Arquivo Judiciário celebra Mudança da Capital e homenageia João Bebe Água com palestra

Aracaju completa, nesta quinta-feira, 17 de março, 167 anos. E para marcar a data, o Arquivo Judiciário realizou, na manhã de hoje, 16/03, um evento em homenagem à Mudança da Capital e à João Bebe Água. O Presidente da Confraria Sancristovense de História e Memória e Diretor do Arquivo Público Municipal de São Cristóvão, o historiador Adailton dos Santos Andrade, ministrou a palestra ‘João Bebe Água: o outro lado da história - novas abordagens encontradas na documentação do Arquivo Judiciário de Sergipe e das ordens religiosas de São Cristóvão’.

A Diretora do Arquivo Judiciário, Mônica Porto, disse que a instituição não poderia deixar de comemorar um evento histórico. “Muitas pessoas acham que João Bebe Água era um ébrio, mas na realidade ele tem uma história muito diferente da que nos foi contada”, enfatizou a Diretora. Para Mônica, a atual gestão do Tribunal de Justiça de Sergipe tem feito um relevante resgate da história do Estado. “O Presidente Edson Ulisses tem um olhar para a memória, para que o povo conheça nossa história e comece a se orgulhar de ser sergipano”, considerou.

Segundo a Chefe da Divisão de Memória Judiciária do Arquivo, Maíra Paim, o evento marca a mudança da capital da perspectiva sancristovense. “A gente queria dar voz ao povo de São Cristóvão, saber um pouco o lado deles porque sempre ouvimos o lado de Aracaju. Adailton traz justamente a mudança da capital vista pelos moradores de São Cristóvão e a figura de João Bebe Água”, salientou Maíra, lembrando que o Arquivo guarda não só documentos jurídicos, mas também históricos.

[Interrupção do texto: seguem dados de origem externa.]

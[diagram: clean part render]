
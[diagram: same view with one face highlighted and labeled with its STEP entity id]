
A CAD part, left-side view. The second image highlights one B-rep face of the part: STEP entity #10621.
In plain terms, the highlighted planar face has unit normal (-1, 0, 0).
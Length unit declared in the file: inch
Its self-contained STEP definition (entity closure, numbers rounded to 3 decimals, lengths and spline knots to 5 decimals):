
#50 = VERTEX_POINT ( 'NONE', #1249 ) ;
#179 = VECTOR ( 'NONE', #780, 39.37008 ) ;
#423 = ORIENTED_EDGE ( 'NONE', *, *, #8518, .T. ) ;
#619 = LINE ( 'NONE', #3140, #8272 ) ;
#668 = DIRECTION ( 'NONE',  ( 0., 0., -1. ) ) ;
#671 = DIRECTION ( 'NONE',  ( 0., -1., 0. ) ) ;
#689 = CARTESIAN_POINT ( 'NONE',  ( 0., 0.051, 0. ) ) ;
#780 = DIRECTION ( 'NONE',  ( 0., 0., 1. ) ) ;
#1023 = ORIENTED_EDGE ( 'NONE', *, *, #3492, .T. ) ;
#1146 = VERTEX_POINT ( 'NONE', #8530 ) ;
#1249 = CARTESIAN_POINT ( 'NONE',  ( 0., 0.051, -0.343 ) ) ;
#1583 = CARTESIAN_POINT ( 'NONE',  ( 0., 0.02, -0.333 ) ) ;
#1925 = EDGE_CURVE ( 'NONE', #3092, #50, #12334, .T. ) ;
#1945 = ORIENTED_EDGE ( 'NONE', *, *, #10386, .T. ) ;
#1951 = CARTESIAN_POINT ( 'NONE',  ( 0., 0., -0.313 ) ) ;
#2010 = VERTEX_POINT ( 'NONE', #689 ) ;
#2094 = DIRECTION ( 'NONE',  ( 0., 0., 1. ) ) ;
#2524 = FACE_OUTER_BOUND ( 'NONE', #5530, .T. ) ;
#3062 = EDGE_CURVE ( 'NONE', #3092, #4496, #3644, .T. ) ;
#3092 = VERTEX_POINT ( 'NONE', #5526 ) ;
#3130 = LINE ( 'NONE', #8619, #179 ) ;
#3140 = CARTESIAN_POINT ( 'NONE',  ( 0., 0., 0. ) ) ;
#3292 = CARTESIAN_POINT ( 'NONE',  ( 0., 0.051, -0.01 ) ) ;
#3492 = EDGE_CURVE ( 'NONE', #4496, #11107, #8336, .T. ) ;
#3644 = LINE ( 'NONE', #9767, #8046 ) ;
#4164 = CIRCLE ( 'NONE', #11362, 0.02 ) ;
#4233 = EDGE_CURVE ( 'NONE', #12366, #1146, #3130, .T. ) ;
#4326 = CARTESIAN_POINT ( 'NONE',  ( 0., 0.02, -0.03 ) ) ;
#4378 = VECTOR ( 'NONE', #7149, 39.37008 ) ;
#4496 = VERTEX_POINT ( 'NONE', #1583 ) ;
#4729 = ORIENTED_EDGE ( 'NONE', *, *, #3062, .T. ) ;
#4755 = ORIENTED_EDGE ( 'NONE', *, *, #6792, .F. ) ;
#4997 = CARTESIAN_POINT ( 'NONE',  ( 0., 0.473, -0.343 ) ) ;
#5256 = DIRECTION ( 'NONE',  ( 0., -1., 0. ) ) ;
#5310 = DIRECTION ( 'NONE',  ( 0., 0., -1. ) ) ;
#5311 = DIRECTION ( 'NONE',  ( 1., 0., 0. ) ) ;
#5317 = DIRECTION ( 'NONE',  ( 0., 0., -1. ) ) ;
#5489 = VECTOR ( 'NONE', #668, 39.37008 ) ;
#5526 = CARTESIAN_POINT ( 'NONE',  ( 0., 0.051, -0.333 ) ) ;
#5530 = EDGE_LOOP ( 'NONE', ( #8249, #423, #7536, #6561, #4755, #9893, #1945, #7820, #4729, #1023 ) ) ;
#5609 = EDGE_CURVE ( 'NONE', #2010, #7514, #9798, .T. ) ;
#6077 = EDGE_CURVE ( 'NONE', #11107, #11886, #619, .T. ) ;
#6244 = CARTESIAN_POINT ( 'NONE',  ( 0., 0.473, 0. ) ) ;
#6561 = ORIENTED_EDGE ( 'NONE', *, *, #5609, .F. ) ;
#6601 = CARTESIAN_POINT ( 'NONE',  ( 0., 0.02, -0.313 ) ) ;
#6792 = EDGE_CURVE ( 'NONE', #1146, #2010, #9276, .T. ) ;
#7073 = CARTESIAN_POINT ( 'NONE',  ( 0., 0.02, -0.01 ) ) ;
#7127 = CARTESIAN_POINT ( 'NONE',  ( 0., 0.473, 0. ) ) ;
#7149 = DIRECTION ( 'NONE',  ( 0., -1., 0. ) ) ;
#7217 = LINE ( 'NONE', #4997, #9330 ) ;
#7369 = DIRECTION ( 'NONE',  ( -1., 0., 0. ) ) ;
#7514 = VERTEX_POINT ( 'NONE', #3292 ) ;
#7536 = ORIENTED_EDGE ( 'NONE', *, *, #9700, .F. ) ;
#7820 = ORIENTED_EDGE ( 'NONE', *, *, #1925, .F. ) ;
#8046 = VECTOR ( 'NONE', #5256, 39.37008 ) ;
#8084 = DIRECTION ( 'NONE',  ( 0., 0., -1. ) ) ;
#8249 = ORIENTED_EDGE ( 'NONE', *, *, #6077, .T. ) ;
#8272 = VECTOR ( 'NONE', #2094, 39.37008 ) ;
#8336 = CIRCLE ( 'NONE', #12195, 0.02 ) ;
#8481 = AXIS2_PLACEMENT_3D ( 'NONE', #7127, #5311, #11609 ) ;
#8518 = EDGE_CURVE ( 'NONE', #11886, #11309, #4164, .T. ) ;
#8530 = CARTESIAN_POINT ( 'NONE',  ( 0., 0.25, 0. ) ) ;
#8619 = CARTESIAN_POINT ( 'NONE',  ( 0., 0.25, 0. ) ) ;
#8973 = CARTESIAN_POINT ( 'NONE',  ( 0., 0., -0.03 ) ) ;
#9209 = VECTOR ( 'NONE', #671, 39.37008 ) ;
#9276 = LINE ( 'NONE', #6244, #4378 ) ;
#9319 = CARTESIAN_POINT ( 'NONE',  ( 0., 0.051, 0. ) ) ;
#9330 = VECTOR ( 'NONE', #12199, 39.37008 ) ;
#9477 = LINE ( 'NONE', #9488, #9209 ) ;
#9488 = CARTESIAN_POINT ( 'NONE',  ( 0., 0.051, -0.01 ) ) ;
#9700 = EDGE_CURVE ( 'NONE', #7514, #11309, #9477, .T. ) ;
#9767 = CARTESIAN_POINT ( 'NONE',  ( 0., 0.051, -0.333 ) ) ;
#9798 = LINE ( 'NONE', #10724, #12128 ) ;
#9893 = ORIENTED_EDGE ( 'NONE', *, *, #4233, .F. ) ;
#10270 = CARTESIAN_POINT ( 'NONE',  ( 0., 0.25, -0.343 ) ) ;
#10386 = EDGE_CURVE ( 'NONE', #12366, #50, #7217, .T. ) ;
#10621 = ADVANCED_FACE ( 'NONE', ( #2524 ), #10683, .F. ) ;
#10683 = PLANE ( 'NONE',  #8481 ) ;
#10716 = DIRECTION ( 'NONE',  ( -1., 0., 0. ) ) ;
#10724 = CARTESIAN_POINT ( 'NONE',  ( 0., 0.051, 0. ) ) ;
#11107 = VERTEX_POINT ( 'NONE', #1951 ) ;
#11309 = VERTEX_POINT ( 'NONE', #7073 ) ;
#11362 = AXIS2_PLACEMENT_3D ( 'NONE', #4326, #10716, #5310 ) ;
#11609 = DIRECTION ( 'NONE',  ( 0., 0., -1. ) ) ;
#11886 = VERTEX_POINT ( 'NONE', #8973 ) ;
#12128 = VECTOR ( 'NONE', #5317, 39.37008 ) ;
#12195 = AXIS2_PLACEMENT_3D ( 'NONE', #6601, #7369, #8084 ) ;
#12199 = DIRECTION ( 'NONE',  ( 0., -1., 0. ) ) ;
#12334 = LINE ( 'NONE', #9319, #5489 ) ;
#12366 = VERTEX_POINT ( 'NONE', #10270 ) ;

“Pela primeira vez, estamos materializando a história de João Bebe Água, que estava apenas no imaginário do povo sergipano. Não se tinha uma foto e nenhum documento assinado por ele, que foi uma figura controversa e alvo de muitas lendas totalmente deturpadas. Diziam que ele foi problemático, cachaceiro, sem credibilidade e, com isso, não teve sucesso ao tentar evitar que São Cristóvão perdesse o status de capital de Sergipe”, explicou Adailton.

Documentos encontrados por historiadores, incluindo Adailton, mostram um lado totalmente oposto de João Bebe Água. “A documentação existente no Memorial e no Arquivo do Poder Judiciário mostra que ele foi Presidente da Câmara de Vereadores, Presidente da Mesa de Rendas, que seria hoje um Secretário da Fazenda, foi Juiz de Paz e, mais ainda, foi Presidente da Irmandade dos Homens Pardos do Amparo, que exigia uma vida consagrada, sem beber, sem fumar, sem relacionamentos fora de casa. Então, imagine ser o Presidente dessa Ordem?”, indagou Adailton.

O evento contou ainda com a apresentação do grupo de Chegança de São Cristóvão. “O grupo original era composto só por homens, mas meu pai decidiu inserir mulheres porque alguns homens já não queriam mais assumir a responsabilidade. Para cidade, acho importante ter esse grupo, para mantermos a tradição. E, pessoalmente, para mim é uma grande honra assumir o papel do meu pai, que já faleceu e era conhecido como Chico da Chegança”, contou Ana Cláudia, coordenadora do grupo. A Chegança representa uma contenda entre cristãos e mouros, com cantos e embaixadas, na qual os mouros são vencidos e a fé cristã é exaltada.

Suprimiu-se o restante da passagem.